Predictable Outlook For Dillard's: Bleak


Predictable Outlook For Dillard's: Bleak
One of the entrances to Dillard's split location at Park Plaza Mall in Little Rock. (Stephanie Dunn)

Dillard’s Inc. ended a disappointing fiscal 2019 about the same time the coronavirus started upending lives and the economy.

And as the pandemic spread across the country, nonessential shopping nearly stopped, damaging the Little Rock department store chain and its peers.

Sales at Dillard’s stores open at least a year are expected to be down 31.7% in its first quarter, and 13.9% in its second quarter, according to a March 23 research report on department stores from J.P. Morgan of New York.
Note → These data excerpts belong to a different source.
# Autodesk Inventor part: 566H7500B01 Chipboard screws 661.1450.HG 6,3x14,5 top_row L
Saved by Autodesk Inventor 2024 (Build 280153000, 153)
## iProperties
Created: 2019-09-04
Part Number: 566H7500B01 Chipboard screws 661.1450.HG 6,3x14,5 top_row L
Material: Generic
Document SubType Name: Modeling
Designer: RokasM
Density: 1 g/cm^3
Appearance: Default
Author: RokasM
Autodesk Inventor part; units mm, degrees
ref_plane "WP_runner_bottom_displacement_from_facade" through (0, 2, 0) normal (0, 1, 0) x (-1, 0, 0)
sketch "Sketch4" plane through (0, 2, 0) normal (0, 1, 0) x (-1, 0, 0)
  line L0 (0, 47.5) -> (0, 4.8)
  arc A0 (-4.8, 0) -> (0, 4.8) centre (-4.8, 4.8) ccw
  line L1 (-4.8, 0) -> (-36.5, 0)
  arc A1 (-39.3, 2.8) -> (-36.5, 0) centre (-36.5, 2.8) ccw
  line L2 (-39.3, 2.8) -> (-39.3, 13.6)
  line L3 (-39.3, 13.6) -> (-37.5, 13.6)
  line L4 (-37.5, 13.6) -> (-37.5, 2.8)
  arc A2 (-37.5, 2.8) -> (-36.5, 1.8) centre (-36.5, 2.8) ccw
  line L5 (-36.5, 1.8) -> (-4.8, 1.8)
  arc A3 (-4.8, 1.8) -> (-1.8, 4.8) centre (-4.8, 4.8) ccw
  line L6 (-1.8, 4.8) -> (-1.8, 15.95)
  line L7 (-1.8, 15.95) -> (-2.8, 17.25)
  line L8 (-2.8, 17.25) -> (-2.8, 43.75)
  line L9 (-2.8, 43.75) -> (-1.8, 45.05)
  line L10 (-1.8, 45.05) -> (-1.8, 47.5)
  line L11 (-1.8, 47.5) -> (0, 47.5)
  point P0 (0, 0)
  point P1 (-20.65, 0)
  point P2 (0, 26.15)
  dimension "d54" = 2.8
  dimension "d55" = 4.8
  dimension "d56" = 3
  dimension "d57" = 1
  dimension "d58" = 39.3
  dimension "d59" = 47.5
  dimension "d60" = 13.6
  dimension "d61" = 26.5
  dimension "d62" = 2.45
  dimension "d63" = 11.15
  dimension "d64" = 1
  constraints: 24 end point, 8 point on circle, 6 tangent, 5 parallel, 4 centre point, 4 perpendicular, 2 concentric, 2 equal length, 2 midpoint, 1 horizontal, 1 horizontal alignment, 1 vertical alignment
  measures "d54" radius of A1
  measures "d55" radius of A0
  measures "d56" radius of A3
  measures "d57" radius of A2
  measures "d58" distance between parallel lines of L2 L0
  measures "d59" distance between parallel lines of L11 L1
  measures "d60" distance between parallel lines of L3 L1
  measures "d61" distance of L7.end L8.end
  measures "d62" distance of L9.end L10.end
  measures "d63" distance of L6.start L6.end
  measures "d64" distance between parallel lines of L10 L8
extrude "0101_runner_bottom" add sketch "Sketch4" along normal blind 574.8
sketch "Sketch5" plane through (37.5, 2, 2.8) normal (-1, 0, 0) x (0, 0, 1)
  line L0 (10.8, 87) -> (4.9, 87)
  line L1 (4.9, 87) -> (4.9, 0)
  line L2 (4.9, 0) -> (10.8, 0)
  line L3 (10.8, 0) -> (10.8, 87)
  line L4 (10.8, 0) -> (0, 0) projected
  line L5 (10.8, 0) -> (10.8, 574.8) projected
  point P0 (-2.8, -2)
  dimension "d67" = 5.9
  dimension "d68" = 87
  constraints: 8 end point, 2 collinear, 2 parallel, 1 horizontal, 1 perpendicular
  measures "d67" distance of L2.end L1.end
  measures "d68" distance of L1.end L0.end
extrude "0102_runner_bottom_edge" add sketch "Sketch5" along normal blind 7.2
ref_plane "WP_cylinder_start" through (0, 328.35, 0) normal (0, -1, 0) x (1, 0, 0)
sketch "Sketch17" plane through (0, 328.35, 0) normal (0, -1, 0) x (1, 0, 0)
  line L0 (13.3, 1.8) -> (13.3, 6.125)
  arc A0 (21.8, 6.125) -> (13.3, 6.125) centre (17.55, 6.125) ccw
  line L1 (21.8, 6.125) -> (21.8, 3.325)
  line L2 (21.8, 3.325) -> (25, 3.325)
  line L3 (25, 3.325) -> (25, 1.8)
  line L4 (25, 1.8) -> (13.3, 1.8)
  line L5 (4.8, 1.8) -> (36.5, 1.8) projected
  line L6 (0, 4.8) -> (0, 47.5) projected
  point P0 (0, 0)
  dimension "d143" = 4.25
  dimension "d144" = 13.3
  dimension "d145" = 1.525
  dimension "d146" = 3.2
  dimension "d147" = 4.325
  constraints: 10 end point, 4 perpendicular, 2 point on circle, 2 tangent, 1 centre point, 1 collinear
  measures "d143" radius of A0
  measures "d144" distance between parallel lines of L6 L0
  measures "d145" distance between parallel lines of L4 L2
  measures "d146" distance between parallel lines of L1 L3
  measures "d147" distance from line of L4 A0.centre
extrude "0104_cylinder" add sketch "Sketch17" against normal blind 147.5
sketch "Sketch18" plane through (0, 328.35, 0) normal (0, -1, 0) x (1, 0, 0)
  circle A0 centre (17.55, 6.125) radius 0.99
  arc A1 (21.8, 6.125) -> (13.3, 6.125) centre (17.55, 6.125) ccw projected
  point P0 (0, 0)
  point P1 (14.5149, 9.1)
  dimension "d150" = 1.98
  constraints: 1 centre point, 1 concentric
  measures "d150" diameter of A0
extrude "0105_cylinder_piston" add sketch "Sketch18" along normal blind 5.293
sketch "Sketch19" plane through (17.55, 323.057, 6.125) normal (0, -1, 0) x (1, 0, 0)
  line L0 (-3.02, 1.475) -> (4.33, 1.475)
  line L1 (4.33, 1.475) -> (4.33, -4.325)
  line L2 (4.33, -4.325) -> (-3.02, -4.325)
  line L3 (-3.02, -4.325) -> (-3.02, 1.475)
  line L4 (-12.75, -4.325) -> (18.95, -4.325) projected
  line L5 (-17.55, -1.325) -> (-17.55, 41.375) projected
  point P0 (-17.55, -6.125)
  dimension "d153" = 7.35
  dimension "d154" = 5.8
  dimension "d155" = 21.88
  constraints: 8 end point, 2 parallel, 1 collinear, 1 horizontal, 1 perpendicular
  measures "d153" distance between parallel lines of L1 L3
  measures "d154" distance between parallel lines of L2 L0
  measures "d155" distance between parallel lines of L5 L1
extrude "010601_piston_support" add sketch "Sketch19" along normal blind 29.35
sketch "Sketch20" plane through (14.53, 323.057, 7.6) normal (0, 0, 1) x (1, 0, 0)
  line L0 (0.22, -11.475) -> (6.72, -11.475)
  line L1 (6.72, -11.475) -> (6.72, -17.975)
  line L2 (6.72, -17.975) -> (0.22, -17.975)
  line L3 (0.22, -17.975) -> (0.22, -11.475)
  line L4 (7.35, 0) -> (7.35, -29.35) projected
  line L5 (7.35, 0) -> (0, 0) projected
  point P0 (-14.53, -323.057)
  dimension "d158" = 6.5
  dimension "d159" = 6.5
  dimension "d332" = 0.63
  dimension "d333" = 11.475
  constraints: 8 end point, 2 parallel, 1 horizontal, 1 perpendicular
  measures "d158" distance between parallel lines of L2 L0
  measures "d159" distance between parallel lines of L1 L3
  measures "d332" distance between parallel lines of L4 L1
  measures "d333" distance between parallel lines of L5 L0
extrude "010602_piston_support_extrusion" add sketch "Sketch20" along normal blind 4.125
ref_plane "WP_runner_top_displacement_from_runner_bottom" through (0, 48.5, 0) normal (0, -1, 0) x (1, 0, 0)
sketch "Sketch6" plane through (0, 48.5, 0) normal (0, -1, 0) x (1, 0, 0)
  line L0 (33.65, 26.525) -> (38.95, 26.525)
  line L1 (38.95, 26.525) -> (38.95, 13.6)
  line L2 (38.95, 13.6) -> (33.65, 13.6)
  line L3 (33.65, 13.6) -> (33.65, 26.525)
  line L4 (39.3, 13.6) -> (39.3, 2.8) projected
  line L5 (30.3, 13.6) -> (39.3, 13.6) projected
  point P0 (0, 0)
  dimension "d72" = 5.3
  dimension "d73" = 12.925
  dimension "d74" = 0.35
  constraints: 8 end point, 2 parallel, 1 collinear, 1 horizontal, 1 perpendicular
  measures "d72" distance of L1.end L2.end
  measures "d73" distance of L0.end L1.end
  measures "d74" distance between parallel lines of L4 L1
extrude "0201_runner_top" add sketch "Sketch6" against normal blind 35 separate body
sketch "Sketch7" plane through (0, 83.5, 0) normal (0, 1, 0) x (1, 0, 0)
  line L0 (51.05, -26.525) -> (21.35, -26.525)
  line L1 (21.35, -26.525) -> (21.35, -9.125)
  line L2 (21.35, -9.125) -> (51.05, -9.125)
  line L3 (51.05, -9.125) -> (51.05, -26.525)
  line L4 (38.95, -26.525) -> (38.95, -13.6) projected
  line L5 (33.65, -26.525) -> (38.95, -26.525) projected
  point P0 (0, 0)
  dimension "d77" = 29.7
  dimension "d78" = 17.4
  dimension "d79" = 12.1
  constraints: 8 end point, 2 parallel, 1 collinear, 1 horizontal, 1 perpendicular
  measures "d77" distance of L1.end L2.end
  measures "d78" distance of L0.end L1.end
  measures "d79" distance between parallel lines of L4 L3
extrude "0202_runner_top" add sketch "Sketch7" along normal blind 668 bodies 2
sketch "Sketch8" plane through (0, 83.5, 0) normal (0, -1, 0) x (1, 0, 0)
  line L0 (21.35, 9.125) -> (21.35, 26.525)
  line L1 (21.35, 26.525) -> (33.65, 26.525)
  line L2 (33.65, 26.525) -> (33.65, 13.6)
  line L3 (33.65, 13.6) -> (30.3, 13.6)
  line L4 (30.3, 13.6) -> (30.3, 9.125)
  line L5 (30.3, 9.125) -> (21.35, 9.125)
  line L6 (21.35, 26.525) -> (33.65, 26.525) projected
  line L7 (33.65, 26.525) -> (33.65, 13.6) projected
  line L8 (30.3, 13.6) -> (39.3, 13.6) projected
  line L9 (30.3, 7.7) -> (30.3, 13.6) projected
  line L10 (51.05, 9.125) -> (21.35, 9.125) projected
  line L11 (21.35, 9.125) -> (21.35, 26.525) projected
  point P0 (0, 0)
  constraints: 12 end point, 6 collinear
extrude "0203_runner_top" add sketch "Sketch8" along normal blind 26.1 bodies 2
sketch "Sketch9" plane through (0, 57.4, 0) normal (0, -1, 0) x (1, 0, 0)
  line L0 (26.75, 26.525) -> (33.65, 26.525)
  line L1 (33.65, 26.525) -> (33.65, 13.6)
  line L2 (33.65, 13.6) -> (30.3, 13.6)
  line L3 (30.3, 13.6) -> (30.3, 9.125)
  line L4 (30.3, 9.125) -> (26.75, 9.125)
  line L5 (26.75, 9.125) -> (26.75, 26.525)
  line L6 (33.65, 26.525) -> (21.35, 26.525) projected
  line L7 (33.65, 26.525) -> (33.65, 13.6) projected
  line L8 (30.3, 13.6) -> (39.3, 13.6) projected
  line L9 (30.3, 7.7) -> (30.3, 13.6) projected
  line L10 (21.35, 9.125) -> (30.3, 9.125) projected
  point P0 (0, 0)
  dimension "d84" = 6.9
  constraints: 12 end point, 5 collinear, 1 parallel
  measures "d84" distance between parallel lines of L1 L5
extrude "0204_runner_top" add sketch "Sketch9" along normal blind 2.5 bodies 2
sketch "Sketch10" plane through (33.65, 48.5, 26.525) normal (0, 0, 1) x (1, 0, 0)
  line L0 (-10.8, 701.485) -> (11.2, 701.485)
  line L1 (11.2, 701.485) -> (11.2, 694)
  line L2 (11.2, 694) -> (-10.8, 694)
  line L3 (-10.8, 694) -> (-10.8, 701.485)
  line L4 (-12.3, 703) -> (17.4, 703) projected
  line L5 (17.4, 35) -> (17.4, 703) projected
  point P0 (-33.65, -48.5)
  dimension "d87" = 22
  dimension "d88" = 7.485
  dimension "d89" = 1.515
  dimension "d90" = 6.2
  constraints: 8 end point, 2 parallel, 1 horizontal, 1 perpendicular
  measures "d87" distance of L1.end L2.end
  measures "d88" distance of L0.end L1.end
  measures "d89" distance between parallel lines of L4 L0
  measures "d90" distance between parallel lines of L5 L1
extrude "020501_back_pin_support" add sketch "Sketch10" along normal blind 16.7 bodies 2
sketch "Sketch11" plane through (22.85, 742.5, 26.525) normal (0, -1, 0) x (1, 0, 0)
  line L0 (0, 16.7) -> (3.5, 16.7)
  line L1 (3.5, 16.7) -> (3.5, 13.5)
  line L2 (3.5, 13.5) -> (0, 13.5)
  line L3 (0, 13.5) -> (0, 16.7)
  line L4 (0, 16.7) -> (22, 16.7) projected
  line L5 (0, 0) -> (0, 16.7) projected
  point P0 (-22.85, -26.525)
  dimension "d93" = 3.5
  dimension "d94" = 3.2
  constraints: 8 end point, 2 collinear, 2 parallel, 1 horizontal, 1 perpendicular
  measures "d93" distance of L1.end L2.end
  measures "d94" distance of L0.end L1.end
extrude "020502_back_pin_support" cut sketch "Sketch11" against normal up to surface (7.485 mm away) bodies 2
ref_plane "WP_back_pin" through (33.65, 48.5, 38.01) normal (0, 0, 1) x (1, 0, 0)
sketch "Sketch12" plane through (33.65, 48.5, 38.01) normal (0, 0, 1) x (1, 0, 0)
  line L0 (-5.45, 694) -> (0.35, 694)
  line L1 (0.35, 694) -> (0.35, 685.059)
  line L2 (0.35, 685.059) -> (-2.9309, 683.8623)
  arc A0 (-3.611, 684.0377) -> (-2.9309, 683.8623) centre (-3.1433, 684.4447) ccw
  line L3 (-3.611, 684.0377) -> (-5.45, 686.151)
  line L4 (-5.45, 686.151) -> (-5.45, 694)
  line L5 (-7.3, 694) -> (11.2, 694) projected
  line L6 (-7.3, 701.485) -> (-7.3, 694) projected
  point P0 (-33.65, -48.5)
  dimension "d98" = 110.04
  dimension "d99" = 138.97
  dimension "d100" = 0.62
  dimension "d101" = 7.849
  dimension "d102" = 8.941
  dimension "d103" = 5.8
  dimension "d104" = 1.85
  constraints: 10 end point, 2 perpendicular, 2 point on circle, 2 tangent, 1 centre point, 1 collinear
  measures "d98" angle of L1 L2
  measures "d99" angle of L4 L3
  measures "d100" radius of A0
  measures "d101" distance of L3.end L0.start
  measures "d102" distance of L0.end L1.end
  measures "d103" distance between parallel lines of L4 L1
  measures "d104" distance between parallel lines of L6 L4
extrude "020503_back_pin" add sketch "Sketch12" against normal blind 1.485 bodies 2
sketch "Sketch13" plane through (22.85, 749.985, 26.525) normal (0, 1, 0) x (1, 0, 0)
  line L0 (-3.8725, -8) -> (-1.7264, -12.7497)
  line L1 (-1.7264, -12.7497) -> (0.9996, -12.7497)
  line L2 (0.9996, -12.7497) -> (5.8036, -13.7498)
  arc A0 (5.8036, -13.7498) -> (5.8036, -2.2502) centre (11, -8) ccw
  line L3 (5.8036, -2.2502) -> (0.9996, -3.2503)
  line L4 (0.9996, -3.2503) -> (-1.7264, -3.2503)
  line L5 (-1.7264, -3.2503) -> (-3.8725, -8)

In the second half of the year, Dillard’s is expected to “improve to low to mid-single-digit comps,” the report said.

Meanwhile, on March 27, Dillard’s temporarily shut about 200 of its 285 locations. “While we are cooperating fully and promptly with any government directives in our markets, our first choice is to remain open where we can for the long-term benefit of our associates,” Dillard’s spokeswoman Julie Johnson Guymon said in a statement to Arkansas Business. “We believe we can safely serve the customers who choose to visit us by strictly following CDC guidelines.”

Dillard’s had announced on March 17 a plan to reduce store hours, a move that brought criticism after other retailers announced they were temporarily closing to slow the spread of the virus.

Dillard’s hasn’t “probably made the best decisions,” said Jen Redding, an analyst for Wedbush Securities Inc., a financial services and investment firm in Los Angeles. “Their stores have been open in markets where they can stay open. And I don’t think that’s really the responsible decision to make.”

Online Boost

While most of its stores remain dark, Dillard’s website “remains open for all customers, supported by our Internet Fulfillment Center in Maumelle as well as our store locations across the country,” Guymon said.

Dillard’s launched its ship-from-store capability for online sales in August. “This enhancement is serving us well in the current situation,” Guymon said.

Dillard’s doesn’t release its online sales numbers. But Redding doesn’t see Dillard’s making up the sales missed from its brick-and-mortar locations. “I don’t think Dillard falls in that category of having a strong e-commerce channel.”

Department stores, though, are expected to rely on online sales while their stores are closed, analyst Jacqueline Hiner of the Los Angeles market research firm IBISWorld said in an email. “The most successful operators in this period will likely be the ones that operate and advertise e-commerce platforms to sustain a revenue stream,” she said.

Still other analysts doubt that many consumers are doing much shopping online while they are home quarantined. “I’m not hearing it anecdotally from the industry,” said David Marcotte, senior vice president of insights for Kantar Retail of Norwalk, Connecticut.

Dillard’s Numbers

Even though Dillard’s stumbled for its fiscal year that ended Feb. 1, Marcotte said he thought of the chain as being one of the healthy retailers. “Not necessarily growing, obviously, but still in better shape than, say, Macy’s,” he said.

Dillard’s reported net income of $111 million on revenue of $6.3 billion for its fiscal year that ended Feb. 1. In the previous fiscal year, Dillard’s had $170 million in net income on revenue of $6.5 billion. And same-store sales fell 1% in the most recent fiscal year, compared to an increase 2% the previous year.

Malls that closed because of COVID-19 aren’t expected to reopen for weeks. Marcotte said it’s difficult to say what will happen to Dillard’s sales when customers return. “That’s going to be huge foot traffic,” he said. “My expectation is that when everything reopens, it’s going to be the mother of all clearance sales.”

Inventory that arrived after the Christmas clearance sales is “all sitting there” and will soon be out of season, Marcottee said. He’s watching to see how consumers spend the money the federal government is sending from the coronavirus rescue package passed last week.

He also will keep an eye on what happens in the fall, the key back-to-school season for retailers. Department stores could be hurt again if the coronavirus revives or still instills fear, he said.

“If that occurs, some schools will be closed, and the back to school [shopping season] will be blown up,” Marcotte said.

Meanwhile, Dillard’s said it’s continuing with its plans to open its Waco, Texas, expansion during this fiscal year. Dillard’s also recently opened a 85,000-SF expansion at the Columbia Mall in Columbia, Missouri. That mall, however, temporarily closed on March 24, to slow the coronavirus.